First, The Expectant Father by Armin Brott. This is aimed at the Sensitive Involved Daddy, with short section month-by-month on what’s going on with baby and mother, and longer sections on Daddy’s emotional state and things to do to stay involved. I found it a good reminder for me that becoming a daddy is a big deal, too.

If, however, you are female and don’t think your sweetie would sit down to read a book of more than 100 pages on a baby, then the book that you want is My Boys Can Swim by Ian Davis. This book is hilariously funny, and designed to be read in an hour or less. It skips over all that internal development stuff, concentrating on the external things that the dad-to-be will have to deal with himself.
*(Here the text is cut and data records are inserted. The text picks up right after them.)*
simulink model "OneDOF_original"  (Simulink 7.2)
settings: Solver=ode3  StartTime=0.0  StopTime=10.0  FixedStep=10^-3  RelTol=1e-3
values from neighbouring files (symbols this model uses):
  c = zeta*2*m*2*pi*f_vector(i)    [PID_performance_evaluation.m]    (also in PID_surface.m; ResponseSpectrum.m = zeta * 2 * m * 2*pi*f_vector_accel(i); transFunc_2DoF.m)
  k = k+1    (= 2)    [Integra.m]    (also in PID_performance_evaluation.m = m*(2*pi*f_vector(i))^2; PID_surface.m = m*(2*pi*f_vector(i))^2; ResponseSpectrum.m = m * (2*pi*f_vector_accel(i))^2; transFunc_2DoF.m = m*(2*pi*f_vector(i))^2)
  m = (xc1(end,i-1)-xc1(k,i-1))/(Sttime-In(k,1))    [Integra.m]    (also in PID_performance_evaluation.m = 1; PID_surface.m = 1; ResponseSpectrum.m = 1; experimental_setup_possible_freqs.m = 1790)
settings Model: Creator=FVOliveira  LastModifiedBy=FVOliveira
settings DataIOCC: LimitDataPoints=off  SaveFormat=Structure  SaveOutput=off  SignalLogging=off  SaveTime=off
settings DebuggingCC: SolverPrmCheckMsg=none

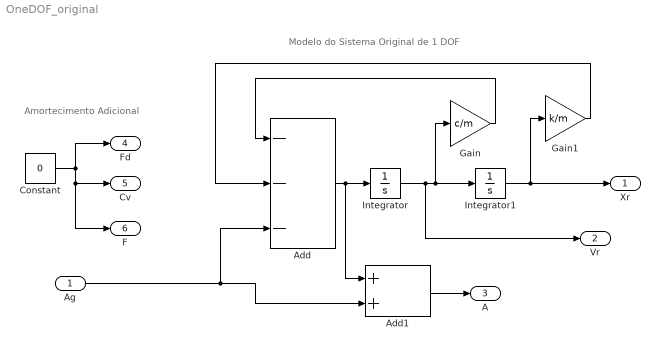
== system OneDOF_original ==
  note: Modelo do Sistema Original de 1 DOF
  note: Amortecimento Adicional
  Ag : Inport  OutDataType=sfix(16)  OutScaling=2^0
  Add : Sum  Inputs=---  OutDataType=sfix(16)  OutScaling=2^-10
  Add1 : Sum  OutDataType=sfix(16)  OutScaling=2^-10
  Constant : Constant  Value=0  OutDataType=sfix(16)  OutScaling=2^0
  Gain : Gain  Gain=c/m  ParameterDataType=sfix(16)  ParameterScaling=2^0  OutDataType=sfix(16)  OutScaling=2^0
  Gain1 : Gain  Gain=k/m  ParameterDataType=sfix(16)  ParameterScaling=2^0  OutDataType=sfix(16)  OutScaling=2^0
  Integrator : Integrator
  Integrator1 : Integrator
  Xr : Outport  OutDataType=sfix(16)  OutScaling=2^0
  Vr : Outport  Port=2  OutDataType=sfix(16)  OutScaling=2^0
  A : Outport  Port=3  OutDataType=sfix(16)  OutScaling=2^0
  Fd : Outport  Port=4  OutDataType=sfix(16)  OutScaling=2^0
  Cv : Outport  Port=5  OutDataType=sfix(16)  OutScaling=2^0
  F : Outport  Port=6  OutDataType=sfix(16)  OutScaling=2^0
  wires:
  Add/1 -> Integrator/1, Add1/1
  Integrator/1 -> Integrator1/1, Gain/1, Vr/1
  Integrator1/1 -> Gain1/1, Xr/1
  Gain1/1 -> Add/2
  Gain/1 -> Add/1
  Add1/1 -> A/1
  Ag/1 -> Add1/2, Add/3
  Constant/1 -> Fd/1, Cv/1, F/1

I had a friend looking for books like this for her Spanish-speaking husband. I was unable to find any books specifically for expectant fathers in Spanish (might help if I spoke the language.) But I did find a couple of good general pregnancy and parenting books:

Esperando a mi bebe: Una guia del embarazo para la mujer latina by Lourdes Alcaniz Criticas put this on their best of 2003 list, and it's been on the Spanish bestseller list as well. It got high marks especially for addressing physiological and cultural issues particular to Latinas, and includes traditional Latin foods in its dietary reccs.

Guia de la salud infantil para padres: Desde el embarazo hasta los 5 anos by Steven Dowshen Again, a starred review in Criticas. This is a translation of Parenting Guide: Child Health from Birth to Age Five. They thought it had good comprehensive advice, reasonably priced (under $20). It seems to deal mostly with the post-birth child.